* **Problem statement**
Search the listing for the word "picture". Copy every line where it is found.

* **Recorded information**
*** Begin section ***

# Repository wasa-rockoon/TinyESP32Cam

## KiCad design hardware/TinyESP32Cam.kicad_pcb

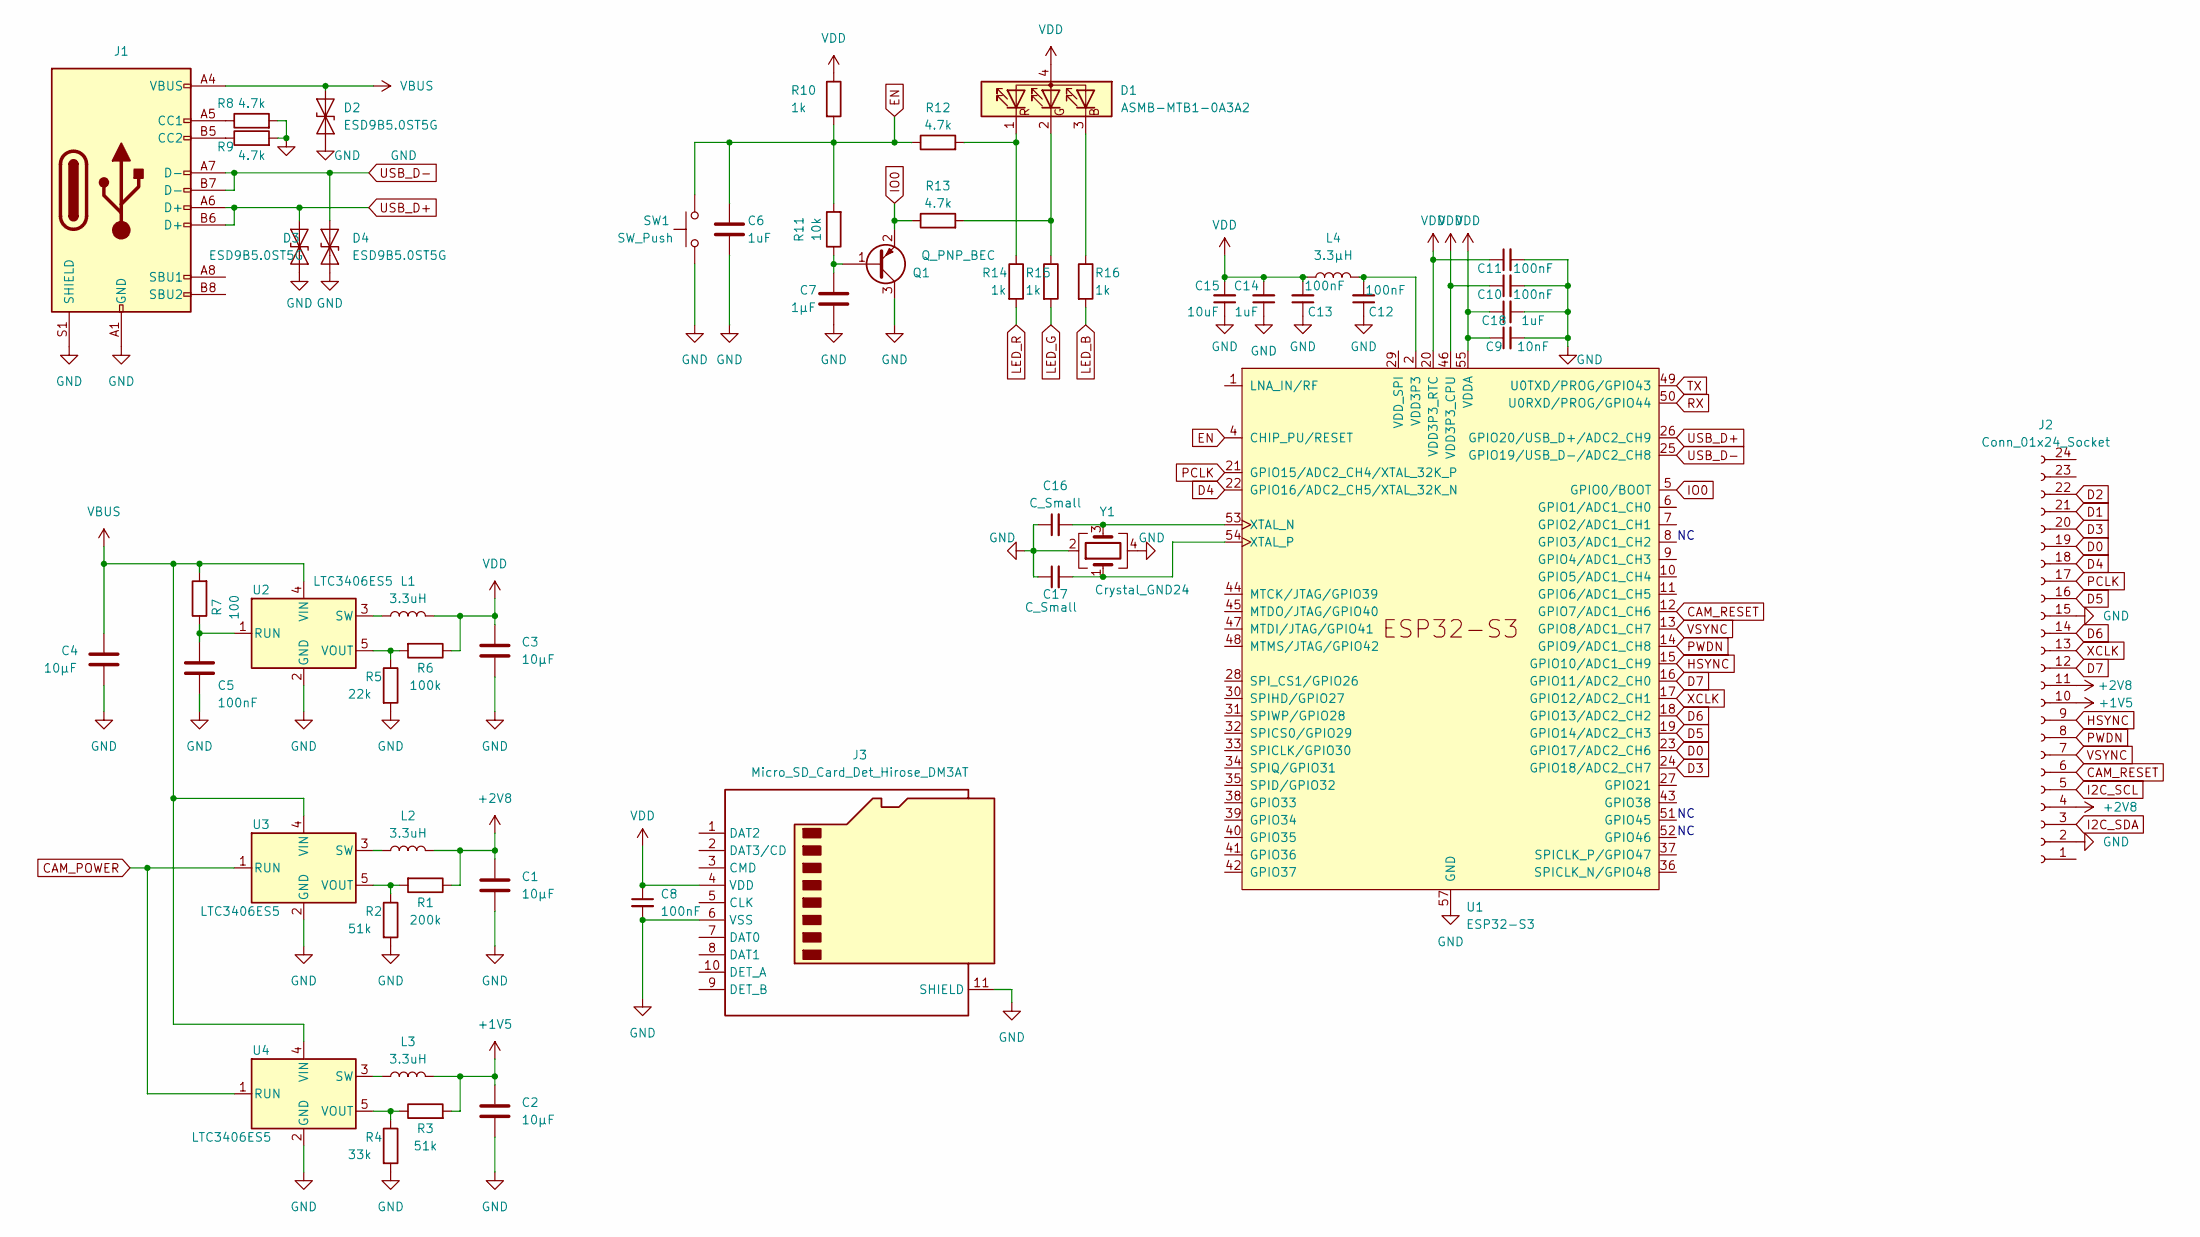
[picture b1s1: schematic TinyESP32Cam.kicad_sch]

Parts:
C1, C2, C3, C4: 10µF; C_0603_1608Metric
C5, C8, C10, C11, C12, C13: 100nF; C_0402_1005Metric
C6, C14, C18: 1uF; C_0402_1005Metric
C7: 1µF; C_0402_1005Metric
C9: 10nF; C_0402_1005Metric
C15: 10uF; C_0603_1608Metric
C16, C17: C_Small; C_0402_1005Metric
D1: ASMB-MTB1-0A3A2; LED_Cree-PLCC4_2x2mm_CW
D2, D3, D4: ESD9B5.0ST5G; D_SOD-523
J1: TYPE-C 16PFS 2JCB0.8-H7.45 IPX8; USB-C-SMD_SHOUHAN_TYPE-C-16PFS-2JCB0.8-H7.45
J2: Conn_01x24_Socket; Hirose_FH12-24S-0.5SH_1x24-1MP_P0.50mm_Horizontal
J3: Micro_SD_Card_Det_Hirose_DM3AT; microSD_HC_Hirose_DM3AT-SF-PEJM5
L1, L2, L3: 3.3uH; L_Murata_LQH2MCNxxxx02_2.0x1.6mm
L4: 3.3µH; L_Murata_LQH2MCNxxxx02_2.0x1.6mm
Q1: Q_PNP_BEC; SOT-23
R1: 200k; R_0402_1005Metric
R2, R3: 51k; R_0402_1005Metric
R4: 33k; R_0402_1005Metric
R5: 22k; R_0402_1005Metric
R6: 100k; R_0402_1005Metric
R7: 100; R_0402_1005Metric
R8, R9, R12, R13: 4.7k; R_0402_1005Metric
R10, R14, R15, R16: 1k; R_0402_1005Metric
R11: 10k; R_0402_1005Metric
SW1: SW_Push; SW_SPST_CK_KXT3
U1: ESP32-S3; QFN-56-1EP_7x7mm_P0.4mm_EP5.6x5.6mm
U2, U3, U4: LTC3406ES5; TSOT-23-5
Y1: Crystal_GND24; Crystal_SMD_2520-4Pin_2.5x2.0mm

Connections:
+1V5: C2.1, J2.10, L3.2, R3.2
+2V8: C1.1, J2.4, J2.11, L2.2, R1.1
CAM_POWER: U3.1 (RUN), U4.1 (RUN)
CAM_RESET: J2.6, U1.12 (GPIO7/ADC1_CH6)
D0: J2.19, U1.23 (GPIO17/ADC2_CH6)
D1: J2.21
D2: J2.22
D3: J2.20, U1.24 (GPIO18/ADC2_CH7)
D4: J2.18, U1.22 (GPIO16/ADC2_CH5/XTAL_32K_N)
D5: J2.16, U1.19 (GPIO14/ADC2_CH3)
D6: J2.14, U1.18 (GPIO13/ADC2_CH2)
D7: J2.12, U1.16 (GPIO11/ADC2_CH0)
EN: C6.1, R10.2, R11.2, R12.1, SW1.2, U1.4 (CHIP_PU/RESET)
GND: C1.2, C2.2, C3.2, C4.2, C5.2, C6.2, C7.2, C8.2, C9.2, C10.2, C11.2, C12.1, C13.1, C14.1, C15.1, C16.1, C17.1, C18.2, D2.1 (A1), D3.1 (A1), D4.1 (A1), J1.A1 (GND), J1.A12 (GND), J1.B1 (GND), J1.B12 (GND), J1.S1 (SHIELD), J2.2, J2.15, J3.6 (VSS), J3.11 (SHIELD), Q1.3 (C), R2.2, R4.2, R5.2, R8.2, R9.2, SW1.1, U1.57 (GND), U2.2 (GND), U3.2 (GND), U4.2 (GND), Y1.2, Y1.4
HSYNC: J2.9, U1.15 (GPIO10/ADC1_CH9)
I2C_SCL: J2.5
I2C_SDA: J2.3
IO0: Q1.2 (E), R13.1, U1.5 (GPIO0/BOOT)
LED_B: R16.2
LED_G: R15.2
LED_R: R14.2
unnamed: D1.3 (BK), R16.1
unnamed: D1.2 (GK), R13.2, R15.1
unnamed: D1.1 (RK), R12.2, R14.1
unnamed: J1.A5 (CC1), R8.1
unnamed: J1.B5 (CC2), R9.1
unnamed: C7.1, Q1.1 (B), R11.1
unnamed: C16.2, U1.53 (XTAL_N), Y1.3
unnamed: C17.2, U1.54 (XTAL_P), Y1.1
unnamed: C5.1, R7.1, U2.1 (RUN)
unnamed: L1.1, U2.3 (SW)
unnamed: R5.1, R6.2, U2.5 (VOUT)
unnamed: L2.1, U3.3 (SW)
unnamed: R1.2, R2.1, U3.5 (VOUT)
unnamed: L3.1, U4.3 (SW)
unnamed: R3.1, R4.1, U4.5 (VOUT)
PCLK: J2.17, U1.21 (GPIO15/ADC2_CH4/XTAL_32K_P)
PWDN: J2.8, U1.14 (GPIO9/ADC1_CH8)
RX: U1.50 (U0RXD/PROG/GPIO44)
TX: U1.49 (U0TXD/PROG/GPIO43)
USB_D+: D3.2 (A2), J1.A6 (D+), J1.B6 (D+), U1.26 (GPIO20/USB_D+/ADC2_CH9)
USB_D-: D4.2 (A2), J1.A7 (D-), J1.B7 (D-), U1.25 (GPIO19/USB_D-/ADC2_CH8)
VBUS: C4.1, D2.2 (A2), J1.A4 (VBUS), J1.A9 (VBUS), J1.B4 (VBUS), J1.B9 (VBUS), R7.2, U2.4 (VIN), U3.4 (VIN), U4.4 (VIN)
VDD: C3.1, C8.1, C9.1, C10.1, C11.1, C13.2, C14.2, C15.2, C18.1, D1.4 (A), J3.4 (VDD), L1.2, L4.1, R6.1, R10.1, U1.20 (VDD3P3_RTC), U1.46 (VDD3P3_CPU), U1.55 (VDDA), U1.56 (VDDA)
VDD3P3: C12.2, L4.2, U1.2 (VDD3P3), U1.3 (VDD3P3)
VSYNC: J2.7, U1.13 (GPIO8/ADC1_CH7)
XCLK: J2.13, U1.17 (GPIO12/ADC2_CH1)

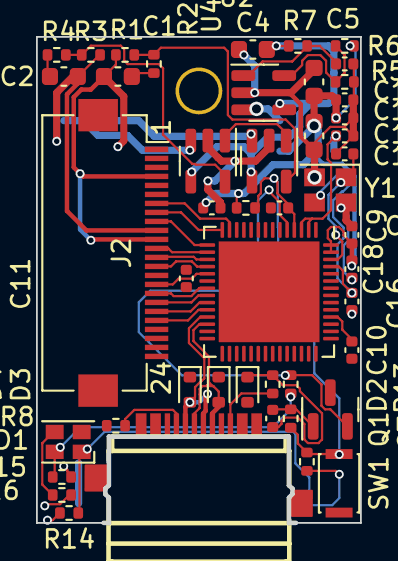
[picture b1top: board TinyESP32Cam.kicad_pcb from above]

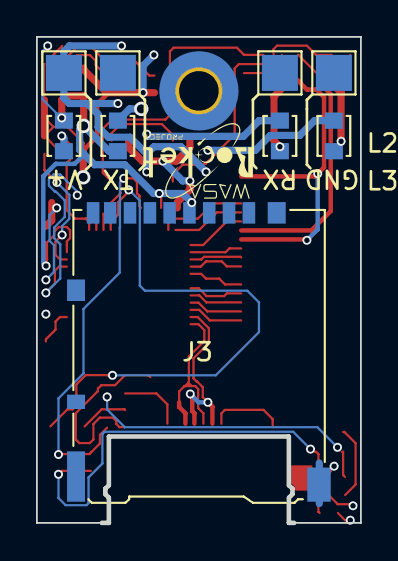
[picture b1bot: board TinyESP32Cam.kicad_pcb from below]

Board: 2 copper layers, 17.8 x 26.9 mm, 52 parts (5 on the bottom side), 38 nets.

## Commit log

2023-10-05 Side version

*** End section ***

* **Answer to the exercise**
[picture b1s1: schematic TinyESP32Cam.kicad_sch]
[picture b1top: board TinyESP32Cam.kicad_pcb from above]
[picture b1bot: board TinyESP32Cam.kicad_pcb from below]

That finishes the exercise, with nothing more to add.